The funny, sharp, and surprising story of the shooting of a Brooklyn drug dealer and the people who witnessed it—from James McBride, author of the National Book Award-winning The Good Lord Bird

In September 1969, a fumbling, cranky old church deacon known in the neighborhood as Sportcoat shuffles into the courtyard of the Causeway Housing project in south Brooklyn, pulls a .38 from his pocket, and in front of everybody shoots the project’s drug dealer at point-blank range.

The reasons for this desperate burst of violence and the consequences that spring from it lie at the heart of Deacon King Kong, James McBride’s novel and his first since his National Book Award-winning The Good Lord Bird. In McBride brings to vivid life the people affected by the shooting: the victim, the African-American and Latinx residents who witnessed it, the white neighbors, the local NYPD cops assigned to investigate what happened, the members of the Five Ends Baptist Church where Sportcoat was deacon, the neighborhood’s Italian mobsters, and Sportcoat himself.

As the story deepens, it becomes clear that the lives of the characters—caught in the tumultuous swirl of New York in the late 1960s—overlap in unexpected ways. When the truth finally emerges, McBride shows us that not all secrets can be hidden, that the best way to grow is to face change without fear, and that the seeds of love lie in compassion and hope.

Review:

Deacon King Kong is a novel set in Brooklyn, 1969. The Causeway Housing project is changing due to the introduction of heroin, and the biggest drug dealer in the projects, Deems Clemens is shot by one of the deacons of Five Ends Baptist Church, Cuffy Lambkin, also known as Sport Coat. Sport Coat is an old drunk who immediately forgets that he shot Deems, blowing off his ear. When people are coming after him for vengeance and justice, Sport Coat haphazardly navigates through the danger. Also with Deems shooting, rival drug factions see this as an opportunity to muscle into Deems territory. This one strange event opens up a huge plot to take over control of the heroin trade in the project. Deacon King Kong is part crime thriller, part comedy of errors, part social commentary, and completely a redemption story. 

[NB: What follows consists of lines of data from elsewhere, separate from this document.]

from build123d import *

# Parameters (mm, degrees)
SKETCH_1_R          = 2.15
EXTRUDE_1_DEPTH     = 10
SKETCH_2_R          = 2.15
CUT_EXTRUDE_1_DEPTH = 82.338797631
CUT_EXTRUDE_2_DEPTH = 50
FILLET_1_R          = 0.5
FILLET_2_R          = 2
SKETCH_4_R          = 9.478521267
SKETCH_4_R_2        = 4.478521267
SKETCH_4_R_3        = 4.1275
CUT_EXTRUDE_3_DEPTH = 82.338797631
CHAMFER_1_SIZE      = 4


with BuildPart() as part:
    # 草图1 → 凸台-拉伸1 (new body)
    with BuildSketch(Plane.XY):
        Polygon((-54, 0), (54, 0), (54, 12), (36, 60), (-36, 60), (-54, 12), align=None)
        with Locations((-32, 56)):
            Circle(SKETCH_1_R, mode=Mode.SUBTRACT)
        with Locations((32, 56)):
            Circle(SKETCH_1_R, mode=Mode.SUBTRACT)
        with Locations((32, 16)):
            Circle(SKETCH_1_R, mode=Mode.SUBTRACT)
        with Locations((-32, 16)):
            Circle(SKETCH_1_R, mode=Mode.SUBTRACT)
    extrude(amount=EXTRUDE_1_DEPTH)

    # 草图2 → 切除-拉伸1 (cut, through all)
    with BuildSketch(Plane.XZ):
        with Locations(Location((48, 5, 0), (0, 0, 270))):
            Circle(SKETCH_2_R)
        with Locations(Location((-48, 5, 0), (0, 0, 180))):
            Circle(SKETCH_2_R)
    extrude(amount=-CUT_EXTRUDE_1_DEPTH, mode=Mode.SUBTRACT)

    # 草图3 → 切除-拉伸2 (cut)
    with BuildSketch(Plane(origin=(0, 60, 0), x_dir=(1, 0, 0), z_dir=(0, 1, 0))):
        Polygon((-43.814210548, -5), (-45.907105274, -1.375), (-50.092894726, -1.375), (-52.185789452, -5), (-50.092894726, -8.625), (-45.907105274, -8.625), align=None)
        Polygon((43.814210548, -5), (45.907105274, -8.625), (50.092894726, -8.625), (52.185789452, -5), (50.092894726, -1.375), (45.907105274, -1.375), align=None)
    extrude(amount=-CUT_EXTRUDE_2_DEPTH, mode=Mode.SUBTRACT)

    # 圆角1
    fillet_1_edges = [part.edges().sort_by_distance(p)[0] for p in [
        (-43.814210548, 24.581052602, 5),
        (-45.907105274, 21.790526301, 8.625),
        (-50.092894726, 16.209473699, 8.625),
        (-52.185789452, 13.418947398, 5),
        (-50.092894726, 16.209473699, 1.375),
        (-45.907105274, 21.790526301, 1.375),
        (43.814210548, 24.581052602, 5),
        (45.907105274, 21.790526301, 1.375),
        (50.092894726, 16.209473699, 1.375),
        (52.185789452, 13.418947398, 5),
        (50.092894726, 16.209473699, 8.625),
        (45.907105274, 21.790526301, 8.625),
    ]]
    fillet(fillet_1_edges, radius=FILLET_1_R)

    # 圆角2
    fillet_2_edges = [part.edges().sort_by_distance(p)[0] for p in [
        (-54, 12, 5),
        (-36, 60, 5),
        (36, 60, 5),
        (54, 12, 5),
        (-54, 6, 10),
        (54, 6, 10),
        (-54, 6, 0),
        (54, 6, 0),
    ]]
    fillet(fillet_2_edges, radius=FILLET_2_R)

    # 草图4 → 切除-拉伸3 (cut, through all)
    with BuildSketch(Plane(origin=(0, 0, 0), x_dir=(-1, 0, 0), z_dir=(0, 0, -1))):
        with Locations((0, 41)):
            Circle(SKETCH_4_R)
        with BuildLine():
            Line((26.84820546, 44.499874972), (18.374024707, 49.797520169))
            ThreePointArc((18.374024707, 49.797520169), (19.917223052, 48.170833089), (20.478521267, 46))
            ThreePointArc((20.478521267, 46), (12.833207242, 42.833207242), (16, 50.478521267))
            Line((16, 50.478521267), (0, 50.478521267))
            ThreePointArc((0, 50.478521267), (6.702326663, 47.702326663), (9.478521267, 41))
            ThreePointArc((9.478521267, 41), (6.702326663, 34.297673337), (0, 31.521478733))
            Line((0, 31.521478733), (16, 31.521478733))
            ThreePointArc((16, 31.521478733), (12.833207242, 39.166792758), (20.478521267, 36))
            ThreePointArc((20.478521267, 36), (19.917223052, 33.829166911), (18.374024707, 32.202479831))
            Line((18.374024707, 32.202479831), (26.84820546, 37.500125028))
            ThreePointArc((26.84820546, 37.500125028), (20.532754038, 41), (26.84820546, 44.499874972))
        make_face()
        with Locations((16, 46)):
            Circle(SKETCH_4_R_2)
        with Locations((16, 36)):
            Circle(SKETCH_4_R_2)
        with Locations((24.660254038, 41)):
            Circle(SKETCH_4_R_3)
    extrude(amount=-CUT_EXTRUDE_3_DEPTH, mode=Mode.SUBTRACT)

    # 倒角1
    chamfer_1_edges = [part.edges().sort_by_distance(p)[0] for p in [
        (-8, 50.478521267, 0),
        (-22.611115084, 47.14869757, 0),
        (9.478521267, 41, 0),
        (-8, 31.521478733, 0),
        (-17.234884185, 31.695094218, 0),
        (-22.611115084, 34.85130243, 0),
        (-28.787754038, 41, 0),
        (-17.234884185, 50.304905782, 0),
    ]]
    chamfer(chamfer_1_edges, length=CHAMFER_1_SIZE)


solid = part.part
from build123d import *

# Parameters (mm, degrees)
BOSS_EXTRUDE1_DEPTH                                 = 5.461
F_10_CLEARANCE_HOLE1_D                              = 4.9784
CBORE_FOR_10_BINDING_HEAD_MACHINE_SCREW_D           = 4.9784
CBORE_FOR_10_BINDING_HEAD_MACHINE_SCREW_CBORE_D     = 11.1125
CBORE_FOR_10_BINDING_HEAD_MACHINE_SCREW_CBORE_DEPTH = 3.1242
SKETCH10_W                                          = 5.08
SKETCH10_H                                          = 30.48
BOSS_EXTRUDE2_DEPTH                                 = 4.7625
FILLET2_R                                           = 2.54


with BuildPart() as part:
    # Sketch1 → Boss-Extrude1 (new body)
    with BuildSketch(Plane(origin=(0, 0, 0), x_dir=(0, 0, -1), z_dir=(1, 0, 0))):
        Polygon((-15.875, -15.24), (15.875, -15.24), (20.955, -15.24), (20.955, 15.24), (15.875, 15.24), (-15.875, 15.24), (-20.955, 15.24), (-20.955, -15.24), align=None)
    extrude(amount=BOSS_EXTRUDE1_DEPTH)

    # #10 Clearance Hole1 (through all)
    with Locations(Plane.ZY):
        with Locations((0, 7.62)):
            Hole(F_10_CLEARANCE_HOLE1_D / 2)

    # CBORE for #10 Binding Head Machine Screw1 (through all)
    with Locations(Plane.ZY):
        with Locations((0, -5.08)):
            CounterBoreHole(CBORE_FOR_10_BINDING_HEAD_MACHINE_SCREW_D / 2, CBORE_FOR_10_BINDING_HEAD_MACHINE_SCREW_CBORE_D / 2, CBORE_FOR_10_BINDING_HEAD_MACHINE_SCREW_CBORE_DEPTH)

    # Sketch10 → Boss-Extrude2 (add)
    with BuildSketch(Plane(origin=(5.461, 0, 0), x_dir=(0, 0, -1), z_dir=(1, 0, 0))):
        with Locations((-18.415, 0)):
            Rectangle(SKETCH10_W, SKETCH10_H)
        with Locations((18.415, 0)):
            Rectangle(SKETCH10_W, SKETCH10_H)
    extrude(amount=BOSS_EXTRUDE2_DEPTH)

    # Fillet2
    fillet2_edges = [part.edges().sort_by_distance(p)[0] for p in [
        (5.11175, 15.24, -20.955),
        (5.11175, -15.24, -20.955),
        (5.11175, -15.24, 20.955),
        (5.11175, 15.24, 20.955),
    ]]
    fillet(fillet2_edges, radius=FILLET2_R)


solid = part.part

All of the characters in Deacon King Kong are well constructed, but none of them are as entertaining and create as much empathy as Sport Coat. He is 71, lost his wife after she walked into the harbor, and has drank himself blind since. His favorite is King Kong, a homemade hooch that he drinks from basement to basement in the project houses. He has a few odd jobs that do not get in the way of his drinking, spends a great deal of time talking to his dead wife, and by the time he shoots Deems, he is so lost in booze and his grief that he does not understand why Deems would be mad because he was always so good to Deems. His blindness to the situation, and the way that he walks through the scenes oblivious to everything in the world besides where he is going to get his next bottle, makes me think of the phrase, “God takes care of babies, fools, and drunks.” God is taking care of Sport Coat throughout this novel, protecting him while he lives his life, walking through a tornado not seeing all of the problems swirling around him. 

Everything that James McBride writes wins awards and for good reason. If you are not interested in the stories that McBride tells, come for the writing. The way that he structures scenes and stories, the way that we understand the history of all of these characters and the neighborhood, makes me as the reader feel like I am sitting with McBride in the basement of a building on wooden crates, passing a bottle of booze back and forth, while McBride tells me the stories of the neighborhood, about what happened after the deacon of the church shot the local drug dealer. There are some lines in this novel that made me laugh out loud, but there are also parts, particularly about race relations, that really make me pause and think. There is poignant modern political and social commentary mixed in with a story set in the late sixties, and we can see that McBride is using this story not only as a funny and entertaining neighborhood crime story but as a vehicle to remind us that nothing much has changed in sixty years.